Terminologies

Explain TiKV and PD terminologies.

This document explains some important terminologies of TiKV and PD.

Node

A TiKV Node is a physical node in the cluster, which might be a virtual machine, a container, etc. Within each Node, there can be one or more stores.

The Node, Store, and Region regularly report their status to the Placement Driver.

Placement Driver (PD)

The Placement Driver (PD) is the cluster manager of TiKV. It periodically records the cluster information, makes decisions to move/split/merge TiKV Regions across nodes according to the application workload and storage capacities. This process is called scheduling.

Peer

A replica of a Region is called a peer.

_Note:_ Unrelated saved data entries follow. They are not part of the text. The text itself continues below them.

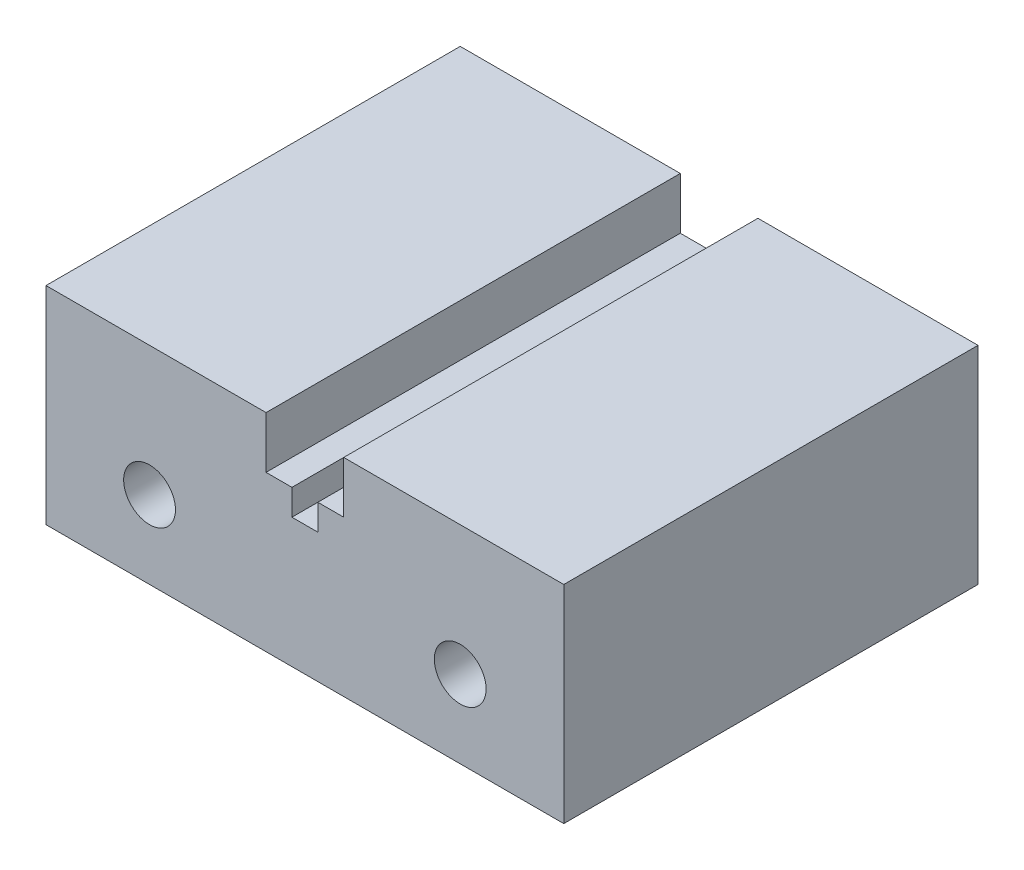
ISO-10303-21;
HEADER;
FILE_DESCRIPTION(('STEP AP214'),'2;1');
FILE_NAME('part.step','',(''),(''),'','','');
FILE_SCHEMA(('AUTOMOTIVE_DESIGN { 1 0 10303 214 1 1 1 1 }'));
ENDSEC;
DATA;
#1=APPLICATION_CONTEXT('core data for automotive mechanical design processes');
#2=APPLICATION_PROTOCOL_DEFINITION('international standard','automotive_design',2000,#1);
#3=PRODUCT_CONTEXT('',#1,'mechanical');
#4=PRODUCT('Part','Part','',(#3));
#5=PRODUCT_RELATED_PRODUCT_CATEGORY('part','',(#4));
#6=PRODUCT_DEFINITION_FORMATION('','',#4);
#7=PRODUCT_DEFINITION_CONTEXT('part definition',#1,'design');
#8=PRODUCT_DEFINITION('design','',#6,#7);
#9=PRODUCT_DEFINITION_SHAPE('','',#8);
#10=(LENGTH_UNIT() NAMED_UNIT(*) SI_UNIT(.MILLI.,.METRE.));
#11=(NAMED_UNIT(*) PLANE_ANGLE_UNIT() SI_UNIT($,.RADIAN.));
#12=(NAMED_UNIT(*) SI_UNIT($,.STERADIAN.) SOLID_ANGLE_UNIT());
#13=UNCERTAINTY_MEASURE_WITH_UNIT(LENGTH_MEASURE(1.E-05),#10,'distance_accuracy_value','');
#14=(GEOMETRIC_REPRESENTATION_CONTEXT(3) GLOBAL_UNCERTAINTY_ASSIGNED_CONTEXT((#13)) GLOBAL_UNIT_ASSIGNED_CONTEXT((#10,
#11,#12)) REPRESENTATION_CONTEXT('',''));
#15=CARTESIAN_POINT('',(0.,0.,0.));
#16=DIRECTION('',(0.,0.,1.));
#17=DIRECTION('',(1.,0.,0.));
#18=AXIS2_PLACEMENT_3D('',#15,#16,#17);
#19=CARTESIAN_POINT('',(0.,0.,80.));
#20=DIRECTION('',(0.,0.,-1.));
#21=DIRECTION('',(-1.,0.,0.));
#22=AXIS2_PLACEMENT_3D('',#19,#20,#21);
#23=PLANE('',#22);
#24=DIRECTION('',(0.,-1.,0.));
#25=VECTOR('',#24,1.);
#26=CARTESIAN_POINT('',(0.,0.,80.));
#27=LINE('',#26,#25);
#28=CARTESIAN_POINT('',(0.,40.,80.));
#29=VERTEX_POINT('',#28);
#30=CARTESIAN_POINT('',(0.,0.,80.));
#31=VERTEX_POINT('',#30);
#32=EDGE_CURVE('E177',#29,#31,#27,.T.);
#33=ORIENTED_EDGE('',*,*,#32,.T.);
#34=DIRECTION('',(1.,0.,0.));
#35=VECTOR('',#34,1.);
#36=CARTESIAN_POINT('',(0.,0.,80.));
#37=LINE('',#36,#35);
#38=CARTESIAN_POINT('',(100.,0.,80.));
#39=VERTEX_POINT('',#38);
#40=EDGE_CURVE('E105',#31,#39,#37,.T.);
#41=ORIENTED_EDGE('',*,*,#40,.T.);
#42=DIRECTION('',(0.,1.,0.));
#43=VECTOR('',#42,1.);
#44=CARTESIAN_POINT('',(100.,0.,80.));
#45=LINE('',#44,#43);
#46=CARTESIAN_POINT('',(100.,40.,80.));
#47=VERTEX_POINT('',#46);
#48=EDGE_CURVE('E204',#39,#47,#45,.T.);
#49=ORIENTED_EDGE('',*,*,#48,.T.);
#50=DIRECTION('',(-1.,0.,0.));
#51=VECTOR('',#50,1.);
#52=CARTESIAN_POINT('',(57.5,40.,80.));
#53=LINE('',#52,#51);
#54=CARTESIAN_POINT('',(57.5,40.,80.));
#55=VERTEX_POINT('',#54);
#56=EDGE_CURVE('E223',#47,#55,#53,.T.);
#57=ORIENTED_EDGE('',*,*,#56,.T.);
#58=DIRECTION('',(0.,-1.,0.));
#59=VECTOR('',#58,1.);
#60=CARTESIAN_POINT('',(57.5,30.,80.));
#61=LINE('',#60,#59);
#62=CARTESIAN_POINT('',(57.5,30.,80.));
#63=VERTEX_POINT('',#62);
#64=EDGE_CURVE('E220',#55,#63,#61,.T.);
#65=ORIENTED_EDGE('',*,*,#64,.T.);
#66=DIRECTION('',(-1.,0.,0.));
#67=VECTOR('',#66,1.);
#68=CARTESIAN_POINT('',(52.5,30.,80.));
#69=LINE('',#68,#67);
#70=CARTESIAN_POINT('',(52.5,30.,80.));
#71=VERTEX_POINT('',#70);
#72=EDGE_CURVE('E222',#63,#71,#69,.T.);
#73=ORIENTED_EDGE('',*,*,#72,.T.);
#74=DIRECTION('',(0.,-1.,0.));
#75=VECTOR('',#74,1.);
#76=CARTESIAN_POINT('',(52.5,25.,80.));
#77=LINE('',#76,#75);
#78=CARTESIAN_POINT('',(52.5,25.,80.));
#79=VERTEX_POINT('',#78);
#80=EDGE_CURVE('E225',#71,#79,#77,.T.);
#81=ORIENTED_EDGE('',*,*,#80,.T.);
#82=DIRECTION('',(-1.,0.,0.));
#83=VECTOR('',#82,1.);
#84=CARTESIAN_POINT('',(47.5,25.,80.));
#85=LINE('',#84,#83);
#86=CARTESIAN_POINT('',(47.5,25.,80.));
#87=VERTEX_POINT('',#86);
#88=EDGE_CURVE('E231',#79,#87,#85,.T.);
#89=ORIENTED_EDGE('',*,*,#88,.T.);
#90=DIRECTION('',(0.,1.,0.));
#91=VECTOR('',#90,1.);
#92=CARTESIAN_POINT('',(47.5,30.,80.));
#93=LINE('',#92,#91);
#94=CARTESIAN_POINT('',(47.5,30.,80.));
#95=VERTEX_POINT('',#94);
#96=EDGE_CURVE('E136',#87,#95,#93,.T.);
#97=ORIENTED_EDGE('',*,*,#96,.T.);
#98=DIRECTION('',(-1.,0.,0.));
#99=VECTOR('',#98,1.);
#100=CARTESIAN_POINT('',(42.5,30.,80.));
#101=LINE('',#100,#99);
#102=CARTESIAN_POINT('',(42.5,30.,80.));
#103=VERTEX_POINT('',#102);
#104=EDGE_CURVE('E130',#95,#103,#101,.T.);
#105=ORIENTED_EDGE('',*,*,#104,.T.);
#106=DIRECTION('',(0.,1.,0.));
#107=VECTOR('',#106,1.);
#108=CARTESIAN_POINT('',(42.5,40.,80.));
#109=LINE('',#108,#107);
#110=CARTESIAN_POINT('',(42.5,40.,80.));
#111=VERTEX_POINT('',#110);
#112=EDGE_CURVE('E134',#103,#111,#109,.T.);
#113=ORIENTED_EDGE('',*,*,#112,.T.);
#114=DIRECTION('',(-1.,0.,0.));
#115=VECTOR('',#114,1.);
#116=CARTESIAN_POINT('',(0.,40.,80.));
#117=LINE('',#116,#115);
#118=EDGE_CURVE('E50',#111,#29,#117,.T.);
#119=ORIENTED_EDGE('',*,*,#118,.T.);
#120=EDGE_LOOP('',(#33,#41,#49,#57,#65,#73,#81,#89,#97,#105,#113,#119));
#121=FACE_BOUND('',#120,.T.);
#122=CARTESIAN_POINT('',(20.,15.,80.));
#123=DIRECTION('',(0.,0.,1.));
#124=DIRECTION('',(1.,0.,0.));
#125=AXIS2_PLACEMENT_3D('',#122,#123,#124);
#126=CIRCLE('',#125,5.);
#127=CARTESIAN_POINT('',(25.,15.,80.));
#128=VERTEX_POINT('',#127);
#129=EDGE_CURVE('E158',#128,#128,#126,.T.);
#130=ORIENTED_EDGE('',*,*,#129,.F.);
#131=EDGE_LOOP('',(#130));
#132=FACE_BOUND('',#131,.T.);
#133=CARTESIAN_POINT('',(80.,15.,80.));
#134=DIRECTION('',(0.,0.,1.));
#135=DIRECTION('',(1.,0.,0.));
#136=AXIS2_PLACEMENT_3D('',#133,#134,#135);
#137=CIRCLE('',#136,5.);
#138=CARTESIAN_POINT('',(85.,15.,80.));
#139=VERTEX_POINT('',#138);
#140=EDGE_CURVE('E272',#139,#139,#137,.T.);
#141=ORIENTED_EDGE('',*,*,#140,.F.);
#142=EDGE_LOOP('',(#141));
#143=FACE_BOUND('',#142,.T.);
#144=ADVANCED_FACE('F33',(#121,#132,#143),#23,.F.);
#145=CARTESIAN_POINT('',(0.,0.,0.));
#146=DIRECTION('',(0.,0.,-1.));
#147=DIRECTION('',(-1.,0.,0.));
#148=AXIS2_PLACEMENT_3D('',#145,#146,#147);
#149=PLANE('',#148);
#150=CARTESIAN_POINT('',(20.,15.,0.));
#151=DIRECTION('',(0.,0.,1.));
#152=DIRECTION('',(1.,0.,0.));
#153=AXIS2_PLACEMENT_3D('',#150,#151,#152);
#154=CIRCLE('',#153,5.);
#155=CARTESIAN_POINT('',(25.,15.,0.));
#156=VERTEX_POINT('',#155);
#157=EDGE_CURVE('E277',#156,#156,#154,.T.);
#158=ORIENTED_EDGE('',*,*,#157,.T.);
#159=EDGE_LOOP('',(#158));
#160=FACE_BOUND('',#159,.T.);
#161=DIRECTION('',(0.,-1.,0.));
#162=VECTOR('',#161,1.);
#163=CARTESIAN_POINT('',(0.,0.,0.));
#164=LINE('',#163,#162);
#165=CARTESIAN_POINT('',(0.,40.,0.));
#166=VERTEX_POINT('',#165);
#167=CARTESIAN_POINT('',(0.,0.,0.));
#168=VERTEX_POINT('',#167);
#169=EDGE_CURVE('E154',#166,#168,#164,.T.);
#170=ORIENTED_EDGE('',*,*,#169,.F.);
#171=DIRECTION('',(-1.,0.,0.));
#172=VECTOR('',#171,1.);
#173=CARTESIAN_POINT('',(0.,40.,0.));
#174=LINE('',#173,#172);
#175=CARTESIAN_POINT('',(42.5,40.,0.));
#176=VERTEX_POINT('',#175);
#177=EDGE_CURVE('E97',#176,#166,#174,.T.);
#178=ORIENTED_EDGE('',*,*,#177,.F.);
#179=DIRECTION('',(0.,1.,0.));
#180=VECTOR('',#179,1.);
#181=CARTESIAN_POINT('',(42.5,40.,0.));
#182=LINE('',#181,#180);
#183=CARTESIAN_POINT('',(42.5,30.,0.));
#184=VERTEX_POINT('',#183);
#185=EDGE_CURVE('E91',#184,#176,#182,.T.);
#186=ORIENTED_EDGE('',*,*,#185,.F.);
#187=DIRECTION('',(-1.,0.,0.));
#188=VECTOR('',#187,1.);
#189=CARTESIAN_POINT('',(42.5,30.,0.));
#190=LINE('',#189,#188);
#191=CARTESIAN_POINT('',(47.5,30.,0.));
#192=VERTEX_POINT('',#191);
#193=EDGE_CURVE('E144',#192,#184,#190,.T.);
#194=ORIENTED_EDGE('',*,*,#193,.F.);
#195=DIRECTION('',(0.,1.,0.));
#196=VECTOR('',#195,1.);
#197=CARTESIAN_POINT('',(47.5,30.,0.));
#198=LINE('',#197,#196);
#199=CARTESIAN_POINT('',(47.5,25.,0.));
#200=VERTEX_POINT('',#199);
#201=EDGE_CURVE('E172',#200,#192,#198,.T.);
#202=ORIENTED_EDGE('',*,*,#201,.F.);
#203=DIRECTION('',(-1.,0.,0.));
#204=VECTOR('',#203,1.);
#205=CARTESIAN_POINT('',(47.5,25.,0.));
#206=LINE('',#205,#204);
#207=CARTESIAN_POINT('',(52.5,25.,0.));
#208=VERTEX_POINT('',#207);
#209=EDGE_CURVE('E170',#208,#200,#206,.T.);
#210=ORIENTED_EDGE('',*,*,#209,.F.);
#211=DIRECTION('',(0.,-1.,0.));
#212=VECTOR('',#211,1.);
#213=CARTESIAN_POINT('',(52.5,25.,0.));
#214=LINE('',#213,#212);
#215=CARTESIAN_POINT('',(52.5,30.,0.));
#216=VERTEX_POINT('',#215);
#217=EDGE_CURVE('E168',#216,#208,#214,.T.);
#218=ORIENTED_EDGE('',*,*,#217,.F.);
#219=DIRECTION('',(-1.,0.,0.));
#220=VECTOR('',#219,1.);
#221=CARTESIAN_POINT('',(52.5,30.,0.));
#222=LINE('',#221,#220);
#223=CARTESIAN_POINT('',(57.5,30.,0.));
#224=VERTEX_POINT('',#223);
#225=EDGE_CURVE('E166',#224,#216,#222,.T.);
#226=ORIENTED_EDGE('',*,*,#225,.F.);
#227=DIRECTION('',(0.,-1.,0.));
#228=VECTOR('',#227,1.);
#229=CARTESIAN_POINT('',(57.5,30.,0.));
#230=LINE('',#229,#228);
#231=CARTESIAN_POINT('',(57.5,40.,0.));
#232=VERTEX_POINT('',#231);
#233=EDGE_CURVE('E164',#232,#224,#230,.T.);
#234=ORIENTED_EDGE('',*,*,#233,.F.);
#235=DIRECTION('',(-1.,0.,0.));
#236=VECTOR('',#235,1.);
#237=CARTESIAN_POINT('',(57.5,40.,0.));
#238=LINE('',#237,#236);
#239=CARTESIAN_POINT('',(100.,40.,0.));
#240=VERTEX_POINT('',#239);
#241=EDGE_CURVE('E162',#240,#232,#238,.T.);
#242=ORIENTED_EDGE('',*,*,#241,.F.);
#243=DIRECTION('',(0.,1.,0.));
#244=VECTOR('',#243,1.);
#245=CARTESIAN_POINT('',(100.,0.,0.));
#246=LINE('',#245,#244);
#247=CARTESIAN_POINT('',(100.,0.,0.));
#248=VERTEX_POINT('',#247);
#249=EDGE_CURVE('E160',#248,#240,#246,.T.);
#250=ORIENTED_EDGE('',*,*,#249,.F.);
#251=DIRECTION('',(1.,0.,0.));
#252=VECTOR('',#251,1.);
#253=CARTESIAN_POINT('',(0.,0.,0.));
#254=LINE('',#253,#252);
#255=EDGE_CURVE('E157',#168,#248,#254,.T.);
#256=ORIENTED_EDGE('',*,*,#255,.F.);
#257=EDGE_LOOP('',(#170,#178,#186,#194,#202,#210,#218,#226,#234,#242,#250,#256));
#258=FACE_BOUND('',#257,.T.);
#259=CARTESIAN_POINT('',(80.,15.,0.));
#260=DIRECTION('',(0.,0.,1.));
#261=DIRECTION('',(1.,0.,0.));
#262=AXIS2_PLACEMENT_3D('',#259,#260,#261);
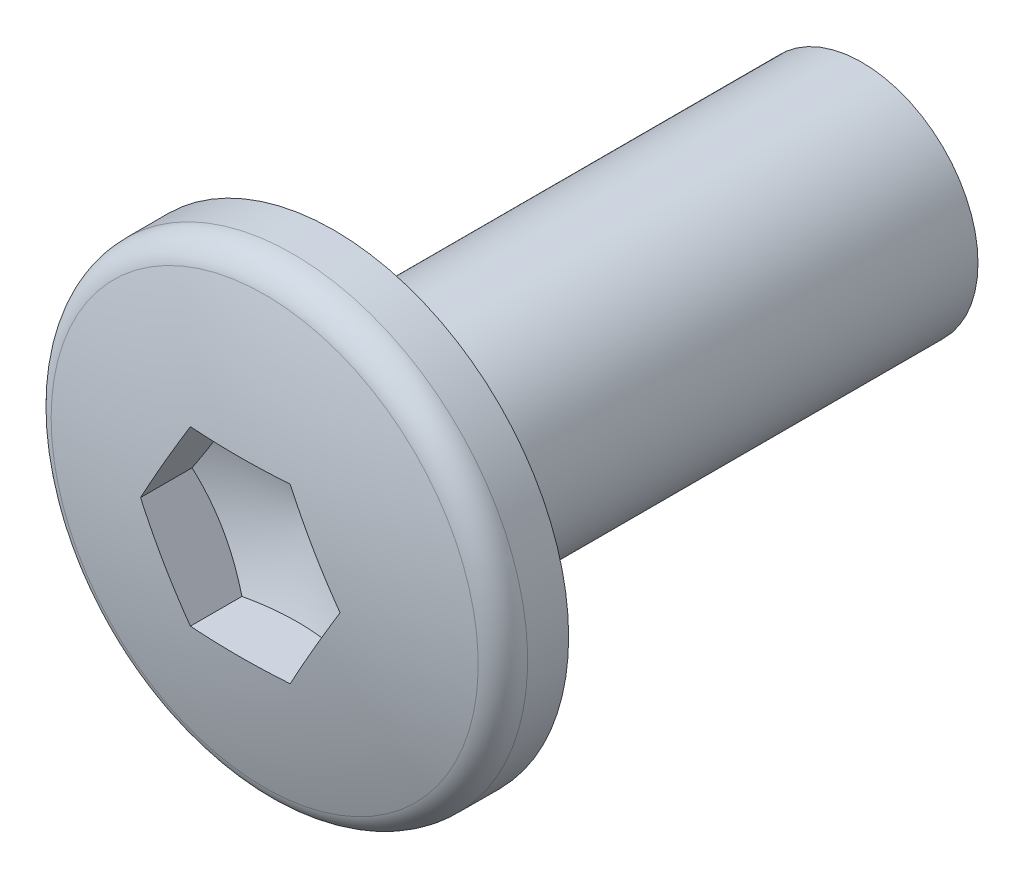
ISO-10303-21;
HEADER;
FILE_DESCRIPTION(('STEP AP214'),'2;1');
FILE_NAME('part.step','',(''),(''),'','','');
FILE_SCHEMA(('AUTOMOTIVE_DESIGN { 1 0 10303 214 1 1 1 1 }'));
ENDSEC;
DATA;
#1=APPLICATION_CONTEXT('core data for automotive mechanical design processes');
#2=APPLICATION_PROTOCOL_DEFINITION('international standard','automotive_design',2000,#1);
#3=PRODUCT_CONTEXT('',#1,'mechanical');
#4=PRODUCT('Part','Part','',(#3));
#5=PRODUCT_RELATED_PRODUCT_CATEGORY('part','',(#4));
#6=PRODUCT_DEFINITION_FORMATION('','',#4);
#7=PRODUCT_DEFINITION_CONTEXT('part definition',#1,'design');
#8=PRODUCT_DEFINITION('design','',#6,#7);
#9=PRODUCT_DEFINITION_SHAPE('','',#8);
#10=(LENGTH_UNIT() NAMED_UNIT(*) SI_UNIT(.MILLI.,.METRE.));
#11=(NAMED_UNIT(*) PLANE_ANGLE_UNIT() SI_UNIT($,.RADIAN.));
#12=(NAMED_UNIT(*) SI_UNIT($,.STERADIAN.) SOLID_ANGLE_UNIT());
#13=UNCERTAINTY_MEASURE_WITH_UNIT(LENGTH_MEASURE(1.E-05),#10,'distance_accuracy_value','');
#14=(GEOMETRIC_REPRESENTATION_CONTEXT(3) GLOBAL_UNCERTAINTY_ASSIGNED_CONTEXT((#13)) GLOBAL_UNIT_ASSIGNED_CONTEXT((#10,
#11,#12)) REPRESENTATION_CONTEXT('',''));
#15=CARTESIAN_POINT('',(0.,0.,0.));
#16=DIRECTION('',(0.,0.,1.));
#17=DIRECTION('',(1.,0.,0.));
#18=AXIS2_PLACEMENT_3D('',#15,#16,#17);
#19=CARTESIAN_POINT('',(0.,0.,-6.89219828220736));
#20=DIRECTION('',(0.,0.,-1.));
#21=DIRECTION('',(-1.,0.,0.));
#22=AXIS2_PLACEMENT_3D('',#19,#20,#21);
#23=DEGENERATE_TOROIDAL_SURFACE('',#22,0.583101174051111,28.3619515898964,.F.);
#24=CARTESIAN_POINT('',(0.,0.,20.3587998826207));
#25=DIRECTION('',(0.,0.,-1.));
#26=DIRECTION('',(-1.,0.,0.));
#27=AXIS2_PLACEMENT_3D('',#24,#25,#26);
#28=CIRCLE('',#27,7.27714036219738);
#29=CARTESIAN_POINT('',(-7.27714036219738,0.,20.3587998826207));
#30=VERTEX_POINT('',#29);
#31=EDGE_CURVE('E24',#30,#30,#28,.F.);
#32=ORIENTED_EDGE('',*,*,#31,.T.);
#33=EDGE_LOOP('',(#32));
#34=FACE_BOUND('',#33,.T.);
#35=CARTESIAN_POINT('',(3.40011547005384,0.0002,21.1886543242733));
#36=CARTESIAN_POINT('',(3.25857894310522,-0.244948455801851,21.2087713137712));
#37=CARTESIAN_POINT('',(3.11686227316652,-0.490408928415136,21.2239948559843));
#38=CARTESIAN_POINT('',(2.83343024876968,-0.981327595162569,21.24436379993));
#39=CARTESIAN_POINT('',(2.69171512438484,-1.22678539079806,21.2495220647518));
#40=CARTESIAN_POINT('',(2.40828487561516,-1.71770098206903,21.2495220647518));
#41=CARTESIAN_POINT('',(2.26656975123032,-1.96315877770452,21.24436379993));
#42=CARTESIAN_POINT('',(1.98313772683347,-2.45407744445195,21.2239948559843));
#43=CARTESIAN_POINT('',(1.84142105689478,-2.69953791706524,21.2087713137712));
#44=CARTESIAN_POINT('',(1.69988452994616,-2.94468637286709,21.1886543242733));
#45=B_SPLINE_CURVE_WITH_KNOTS('',3,(#35,#36,#37,#38,#39,#40,#41,#42,#43,#44),.UNSPECIFIED.,.F.,
.F.,(4,2,2,2,4),(0.,0.851338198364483,1.70158770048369,2.55183720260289,3.40317540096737),.UNSPECIFIED.);
#46=CARTESIAN_POINT('',(3.4,0.,21.1886707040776));
#47=VERTEX_POINT('',#46);
#48=CARTESIAN_POINT('',(1.7,-2.94448637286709,21.1886707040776));
#49=VERTEX_POINT('',#48);
#50=EDGE_CURVE('E80',#47,#49,#45,.T.);
#51=ORIENTED_EDGE('',*,*,#50,.T.);
#52=CARTESIAN_POINT('',(0.,-2.94448637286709,21.2495220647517));
#53=CARTESIAN_POINT('',(-0.246824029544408,-2.94448637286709,21.2495220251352));
#54=CARTESIAN_POINT('',(-0.493648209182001,-2.94448637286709,21.2456215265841));
#55=CARTESIAN_POINT('',(-0.98703526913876,-2.94448637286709,21.2301432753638));
#56=CARTESIAN_POINT('',(-1.23359816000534,-2.94448637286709,21.2185658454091));
#57=CARTESIAN_POINT('',(-1.9730965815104,-2.94448637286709,21.1727305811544));
#58=CARTESIAN_POINT('',(-2.46538541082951,-2.9444863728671,21.127370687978));
#59=CARTESIAN_POINT('',(-3.33984993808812,-2.94448637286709,21.0219935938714));
#60=CARTESIAN_POINT('',(-3.72268904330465,-2.94448637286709,20.9673094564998));
#61=CARTESIAN_POINT('',(-4.48569432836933,-2.94448637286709,20.8416463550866));
#62=CARTESIAN_POINT('',(-4.86586033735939,-2.94448637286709,20.7706663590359));
#63=CARTESIAN_POINT('',(-6.00175463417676,-2.94448637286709,20.5337662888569));
#64=CARTESIAN_POINT('',(-6.7526300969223,-2.94448637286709,20.3439165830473));
#65=CARTESIAN_POINT('',(-8.23728339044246,-2.94448637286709,19.9022320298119));
#66=CARTESIAN_POINT('',(-8.97102771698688,-2.94448637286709,19.6502853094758));
#67=CARTESIAN_POINT('',(-10.415049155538,-2.94448637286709,19.0865976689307));
#68=CARTESIAN_POINT('',(-11.1253305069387,-2.94448637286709,18.7748676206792));
#69=CARTESIAN_POINT('',(-12.5167269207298,-2.94448637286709,18.0943290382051));
#70=CARTESIAN_POINT('',(-13.1978823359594,-2.94448637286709,17.7256029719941));
#71=CARTESIAN_POINT('',(-14.5275431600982,-2.94448637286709,16.9332909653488));
#72=CARTESIAN_POINT('',(-15.1760471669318,-2.94448637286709,16.5097026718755));
#73=CARTESIAN_POINT('',(-16.435604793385,-2.94448637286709,15.6108566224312));
#74=CARTESIAN_POINT('',(-17.0466809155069,-2.94448637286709,15.135630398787));
#75=CARTESIAN_POINT('',(-18.2276814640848,-2.94448637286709,14.1365377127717));
#76=CARTESIAN_POINT('',(-18.7976057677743,-2.94448637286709,13.6126711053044));
#77=CARTESIAN_POINT('',(-19.9054667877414,-2.94448637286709,12.5068600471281));
#78=CARTESIAN_POINT('',(-20.4423221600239,-2.94448637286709,11.9238316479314));
#79=CARTESIAN_POINT('',(-21.465069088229,-2.94448637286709,10.7146542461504));
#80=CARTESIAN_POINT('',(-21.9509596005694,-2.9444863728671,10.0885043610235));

Multiple peers of the same Region replicate data via the Raft consensus algorithm.

Raft

Data is distributed across TiKV instances via the Raft consensus algorithm, which is based on the Raft paper (“In Search of an Understandable Consensus Algorithm”) from Diego Ongaro and John Ousterhout.

Region

TiKV shards continuous ranges of keys into Regions, and replicates Regions via the Raft protocol. When data size increases until a threshold is reached, a Region will be split into multiple ones. Conversely, if the size of the Region shrinks due to data deletion, two adjacent Regions can be merged into one.

Store

A Store is an instance of a TiKV server in which multiple peers are stored.

Transaction

TiKV provides transactions that allow you to read and write across any keys with Snapshot Isolation regardless of the physical placement of the Region. TiKV also provides the pessimistic transactions that are semantically similar to SELECT ... FOR UPDATE in SQL.

The underlying transaction model is similar to Google’s Percolator, a system built for processing updates to large data sets.